- The Washington Times - Wednesday, April 1, 2009

BUENOS AIRES, ARGENTINA (AP) - Mourners lined up for hours to pay homage to former President Raul Alfonsin and praise poured in from around South America on Wednesday for the man who helped guide the continent back to democracy after military dictatorships killed thousands.

Alfonsin, Argentina’s president from 1983-1989, died Tuesday night of lung cancer. He was 82.

Politicians joined the crowd of ordinary citizens filing past Alfonsin’s open casket in the Congress building, and flags flew at half-staff nationwide.

Older Argentines recalled how they voted for Alfonsin to usher in an era of democracy after more than seven years of a repressive military regime that left at least 13,000 killed or disappeared. Younger visitors, who have experienced only democratic rule in a country wracked by six coups in the 20th century, said they came to honor Argentina’s “father of democracy.”

Alfonsin’s legacy includes elements of heartbreak as well as pride. His daring decision to put the dictatorship’s leaders on trial for human rights violations was lauded worldwide. But his failure to prevent economic collapse forced him to hand power to his successor, Carlos Menem, six months early, at a time when annual inflation soared above 3,000 percent.

The trials, unprecedented in Latin America, ended in December 1985 with the conviction and imprisonment of five former military rulers, including two ex-presidents. Alfonsin also established a National Commission on the Disappearance of People which produced “Nunca Mas,” or “Never Again,” a definitive report on the military’s ruthless campaign against political opponents.

But after three military uprisings between 1987 and 1988, Alfonsin reluctantly approved an amnesty that shielded lower ranking officers until it was struck down by the Supreme Court in 2005. Only now are many of these alleged torturers and kidnappers being prosecuted.

“He was a man of peace. He died working to recover a sense of building politics based on dialogue, not on confrontation,” said Jose Ignacio Lopez, spokesman for Alfonsin during his presidency.

President Cristina Fernandez called Alfonsin “a symbol of democracy.”

But Alfonsin said before he died that much remains to be done.

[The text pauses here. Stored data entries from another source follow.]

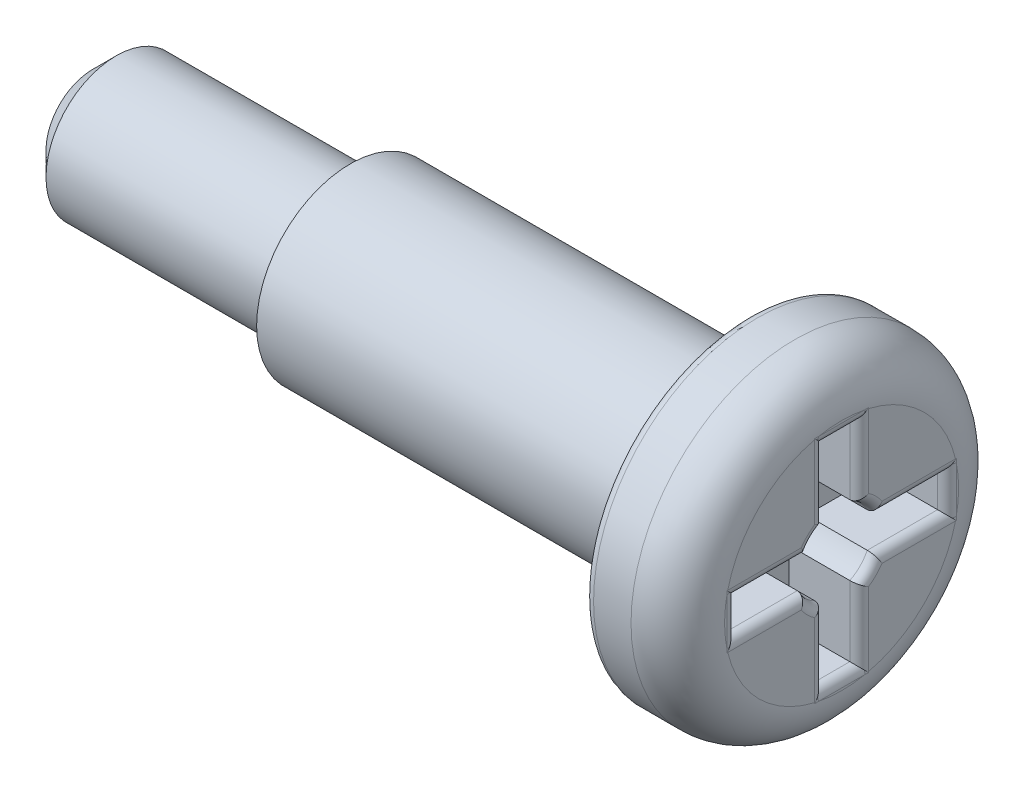
from build123d import *

# Parameters (mm, degrees)
ESQUISSE2_W                  = 0.75
ESQUISSE2_H                  = 2.25
ENL_V_MAT_EXTRU_1_DEPTH      = 1.5
R_P_TITION_CIRCULAIRE1_COUNT = 4
ESQUISSE3_R                  = 0.836492191
ENL_V_MAT_EXTRU_2_DEPTH      = 1.5
CONG_2_R                     = 0.2
CHANFREIN1_SIZE              = 0.5


with BuildPart() as part:
    # Esquisse1 → Révolution1 (revolve)
    with BuildSketch(Plane.XY, mode=Mode.PRIVATE) as r_volution1_sk:
        with BuildLine():
            Line((0, 0), (0, 1.5))
            Line((0, 1.5), (5.5, 1.5))
            Line((5.5, 1.5), (5.5, 2))
            Line((5.5, 2), (14, 2))
            Line((14, 2), (14, 3.5))
            Line((14, 3.5), (15, 3.5))
            ThreePointArc((15, 3.5), (15.707106781, 3.207106781), (16, 2.5))
            Line((16, 2.5), (16, 0))
            Line((16, 0), (0, 0))
        make_face()
    revolve(r_volution1_sk.sketch.rotate(Axis((0, 0, 0), (1, 0, 0)), 90), axis=Axis((0, 0, 0), (1, 0, 0)))

    # Esquisse2 → Enlèv. mat.-Extru.1 (cut)
    with BuildSketch(Plane(origin=(16, 0, 0), x_dir=(0, 0, -1), z_dir=(1, 0, 0))):
        with Locations((0, 1.125)):
            Rectangle(ESQUISSE2_W, ESQUISSE2_H)
    enl_v_mat_extru_1 = extrude(amount=-ENL_V_MAT_EXTRU_1_DEPTH, mode=Mode.SUBTRACT)

    # Répétition circulaire1: Enlèv. mat.-Extru.1 ×4 about axis
    r_p_tition_circulaire1_axis = Axis((0, 0, 0), (1, 0, 0))
    for i in range(1, R_P_TITION_CIRCULAIRE1_COUNT):
        add(enl_v_mat_extru_1.rotate(r_p_tition_circulaire1_axis, i * 360 / R_P_TITION_CIRCULAIRE1_COUNT), mode=Mode.SUBTRACT)

    # Esquisse3 → Enlèv. mat.-Extru.2 (cut)
    with BuildSketch(Plane(origin=(16, 0, 0), x_dir=(0, 0, -1), z_dir=(1, 0, 0))):
        Circle(ESQUISSE3_R)
    extrude(amount=-ENL_V_MAT_EXTRU_2_DEPTH, mode=Mode.SUBTRACT)

    # Congé2
    # the kernel refuses this fillet: 0.2 mm, written as the material it takes off along each edge
    with BuildSketch(Plane(origin=(14, 0, 0), x_dir=(0, 0, 1), z_dir=(0, 1, 0))) as cong_2_piece_1:
        with BuildLine():
            CenterArc((3.5 - CONG_2_R, CONG_2_R), CONG_2_R, 270, 90)
            Line((3.5, CONG_2_R), (3.5 + CONG_2_R * 0.02, CONG_2_R))
            Line((3.5 + CONG_2_R * 0.02, CONG_2_R), (3.5 + CONG_2_R * 0.02, -CONG_2_R * 0.02))
            Line((3.5 + CONG_2_R * 0.02, -CONG_2_R * 0.02), (3.5 - CONG_2_R, -CONG_2_R * 0.02))
            Line((3.5 - CONG_2_R, -CONG_2_R * 0.02), (3.5 - CONG_2_R, 0))
        make_face()
    revolve(axis=Axis((14, 0, 0), (1, 0, 0)), mode=Mode.SUBTRACT)
    with BuildSketch(Plane(origin=(16, -0.375, 2.25), x_dir=(0, 0, 1), z_dir=(0, 1, 0)), Plane(origin=(16, -2.25, -0.375), x_dir=(0, -1, 0), z_dir=(0, 0, 1)), Plane(origin=(16, 0.375, -2.25), x_dir=(0, 0, -1), z_dir=(0, -1, 0)), Plane(origin=(16, 2.25, 0.375), x_dir=(0, 1, 0), z_dir=(0, 0, -1))) as cong_2_piece_2:
        with BuildLine():
            CenterArc((CONG_2_R, -CONG_2_R), CONG_2_R, 90, 90)
            Line((0, -CONG_2_R), (-CONG_2_R * 0.02, -CONG_2_R))
            Line((-CONG_2_R * 0.02, -CONG_2_R), (-CONG_2_R * 0.02, CONG_2_R * 0.02))
            Line((-CONG_2_R * 0.02, CONG_2_R * 0.02), (CONG_2_R, CONG_2_R * 0.02))
            Line((CONG_2_R, CONG_2_R * 0.02), (CONG_2_R, 0))
        make_face()
    extrude(amount=0.75, mode=Mode.SUBTRACT)
    with BuildSketch(Plane(origin=(16, -0.375, 0.24772601), x_dir=(0, -1, 0), z_dir=(0, 0, 1)), Plane(origin=(16, -2.25, 0.375), x_dir=(0, 0, 1), z_dir=(0, 1, 0)), Plane(origin=(16, -0.24772601, -0.375), x_dir=(0, 0, -1), z_dir=(0, -1, 0)), Plane(origin=(16, -0.375, -2.25), x_dir=(0, -1, 0), z_dir=(0, 0, 1)), Plane(origin=(16, 0.375, -0.24772601), x_dir=(0, 1, 0), z_dir=(0, 0, -1)), Plane(origin=(16, 2.25, -0.375), x_dir=(0, 0, -1), z_dir=(0, -1, 0)), Plane(origin=(16, 0.24772601, 0.375), x_dir=(0, 0, 1), z_dir=(0, 1, 0)), Plane(origin=(16, 0.375, 2.25), x_dir=(0, 1, 0), z_dir=(0, 0, -1))) as cong_2_piece_3:
        with BuildLine():
            CenterArc((CONG_2_R, -CONG_2_R), CONG_2_R, 90, 90)
            Line((0, -CONG_2_R), (-CONG_2_R * 0.02, -CONG_2_R))
            Line((-CONG_2_R * 0.02, -CONG_2_R), (-CONG_2_R * 0.02, CONG_2_R * 0.02))
            Line((-CONG_2_R * 0.02, CONG_2_R * 0.02), (CONG_2_R, CONG_2_R * 0.02))
            Line((CONG_2_R, CONG_2_R * 0.02), (CONG_2_R, 0))
        make_face()
    extrude(amount=2.00227399, mode=Mode.SUBTRACT)
    with BuildSketch(Plane(origin=(16, 0, 0), x_dir=(0, 0.13251987061170517, 0.9911803488230871), z_dir=(0, 0.9911803488230871, -0.13251987061170517))) as cong_2_piece_4:
        with BuildLine():
            CenterArc((0.836492191 + CONG_2_R, -CONG_2_R), CONG_2_R, 90, 90)
            Line((0.836492191, -CONG_2_R), (0.836492191 - CONG_2_R * 0.02, -CONG_2_R))
            Line((0.836492191 - CONG_2_R * 0.02, -CONG_2_R), (0.836492191 - CONG_2_R * 0.02, CONG_2_R * 0.02))
            Line((0.836492191 - CONG_2_R * 0.02, CONG_2_R * 0.02), (0.836492191 + CONG_2_R, CONG_2_R * 0.02))
            Line((0.836492191 + CONG_2_R, CONG_2_R * 0.02), (0.836492191 + CONG_2_R, 0))
        make_face()
    revolve(axis=Axis((16, 0, 0), (1, 0, 0)), revolution_arc=105.230460742, mode=Mode.SUBTRACT)
    with BuildSketch(Plane(origin=(16, 0, 0), x_dir=(0, -0.9911803488230848, 0.1325198706117237), z_dir=(0, 0.1325198706117237, 0.9911803488230848))) as cong_2_piece_5:
        with BuildLine():
            CenterArc((0.836492191 + CONG_2_R, -CONG_2_R), CONG_2_R, 90, 90)
            Line((0.836492191, -CONG_2_R), (0.836492191 - CONG_2_R * 0.02, -CONG_2_R))
            Line((0.836492191 - CONG_2_R * 0.02, -CONG_2_R), (0.836492191 - CONG_2_R * 0.02, CONG_2_R * 0.02))
            Line((0.836492191 - CONG_2_R * 0.02, CONG_2_R * 0.02), (0.836492191 + CONG_2_R, CONG_2_R * 0.02))
            Line((0.836492191 + CONG_2_R, CONG_2_R * 0.02), (0.836492191 + CONG_2_R, 0))
        make_face()
    revolve(axis=Axis((16, 0, 0), (1, 0, 0)), revolution_arc=105.230460742, mode=Mode.SUBTRACT)
    with BuildSketch(Plane(origin=(16, 0, 0), x_dir=(0, -0.13251987061172962, -0.991180348823084), z_dir=(0, -0.991180348823084, 0.13251987061172962))) as cong_2_piece_6:
        with BuildLine():
            CenterArc((0.836492191 + CONG_2_R, -CONG_2_R), CONG_2_R, 90, 90)
            Line((0.836492191, -CONG_2_R), (0.836492191 - CONG_2_R * 0.02, -CONG_2_R))
            Line((0.836492191 - CONG_2_R * 0.02, -CONG_2_R), (0.836492191 - CONG_2_R * 0.02, CONG_2_R * 0.02))
            Line((0.836492191 - CONG_2_R * 0.02, CONG_2_R * 0.02), (0.836492191 + CONG_2_R, CONG_2_R * 0.02))
            Line((0.836492191 + CONG_2_R, CONG_2_R * 0.02), (0.836492191 + CONG_2_R, 0))
        make_face()
    revolve(axis=Axis((16, 0, 0), (1, 0, 0)), revolution_arc=105.230460742, mode=Mode.SUBTRACT)
    with BuildSketch(Plane(origin=(16, 0, 0), x_dir=(0, 0.9911803488230839, -0.13251987061173062), z_dir=(0, -0.13251987061173062, -0.9911803488230839))) as cong_2_piece_7:
        with BuildLine():
            CenterArc((0.836492191 + CONG_2_R, -CONG_2_R), CONG_2_R, 90, 90)
            Line((0.836492191, -CONG_2_R), (0.836492191 - CONG_2_R * 0.02, -CONG_2_R))
            Line((0.836492191 - CONG_2_R * 0.02, -CONG_2_R), (0.836492191 - CONG_2_R * 0.02, CONG_2_R * 0.02))
            Line((0.836492191 - CONG_2_R * 0.02, CONG_2_R * 0.02), (0.836492191 + CONG_2_R, CONG_2_R * 0.02))
            Line((0.836492191 + CONG_2_R, CONG_2_R * 0.02), (0.836492191 + CONG_2_R, 0))
        make_face()
    revolve(axis=Axis((16, 0, 0), (1, 0, 0)), revolution_arc=105.230460742, mode=Mode.SUBTRACT)
    with BuildSketch(Plane(origin=(16, -0.875, 2.25), x_dir=(0, 0, 1), z_dir=(0, 1, 0))) as cong_2_piece_8a_section:
        with BuildLine():
            CenterArc((CONG_2_R, -CONG_2_R), CONG_2_R, 90, 90)
            Line((0, -CONG_2_R), (-CONG_2_R * 0.02, -CONG_2_R))
            Line((-CONG_2_R * 0.02, -CONG_2_R), (-CONG_2_R * 0.02, CONG_2_R * 0.02))
            Line((-CONG_2_R * 0.02, CONG_2_R * 0.02), (CONG_2_R, CONG_2_R * 0.02))
            Line((CONG_2_R, CONG_2_R * 0.02), (CONG_2_R, 0))
        make_face()
    cong_2_piece_8a = extrude(amount=1.25, mode=Mode.PRIVATE)
    cong_2_piece_8a = split(cong_2_piece_8a, bisect_by=Plane(origin=(15.954720977, -0.375, 2.295279023), z_dir=(0, -1, 0)), keep=Keep.TOP, mode=Mode.PRIVATE)
    with BuildSketch(Plane(origin=(16, -0.375, 0.24772601), x_dir=(0, -1, 0), z_dir=(0, 0, 1))) as cong_2_piece_8b_section:
        with BuildLine():
            CenterArc((CONG_2_R, -CONG_2_R), CONG_2_R, 90, 90)
            Line((0, -CONG_2_R), (-CONG_2_R * 0.02, -CONG_2_R))
            Line((-CONG_2_R * 0.02, -CONG_2_R), (-CONG_2_R * 0.02, CONG_2_R * 0.02))
            Line((-CONG_2_R * 0.02, CONG_2_R * 0.02), (CONG_2_R, CONG_2_R * 0.02))
            Line((CONG_2_R, CONG_2_R * 0.02), (CONG_2_R, 0))
        make_face()
    cong_2_piece_8b = extrude(amount=2.50227399, mode=Mode.PRIVATE)
    cong_2_piece_8b = split(cong_2_piece_8b, bisect_by=Plane(origin=(15.954720977, -0.420279023, 2.25), z_dir=(0, 0, 1)), keep=Keep.TOP, mode=Mode.PRIVATE)
    cong_2_piece_8 = cong_2_piece_8a & cong_2_piece_8b
    add(cong_2_piece_8, mode=Mode.SUBTRACT)
    with BuildSketch(Plane(origin=(16, -0.375, 2.25), x_dir=(0, 0, 1), z_dir=(0, 1, 0))) as cong_2_piece_9a_section:
        with BuildLine():
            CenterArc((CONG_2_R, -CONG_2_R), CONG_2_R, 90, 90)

“Our democracy is limp and incomplete,” he said as the nation marked its 25th anniversary of civilian rule.

Ricardo Lagos, president of Chile from 2000-2006 and a key figure in that South American country’s return to democracy in the 1990s, told Chile’s La Tercera newspaper that “Latin America is in mourning today.”

“A great democrat has died,” Lagos said. “Alfonsin embodied dialogue and peace on our continent. The recovery of democracy in a better part of the Southern Cone began with him,” he added.

Jose Sarney, president of Brazil from 1985-1990, called Alfonsin “a patriot who fought for human rights and for a democratic state in his country and also on our continent.”

Brazilian President Luiz Inacio Lula da Silva called him “a great builder of democracy.”


Associated Press writer Mayra Pertossi contributed to this report.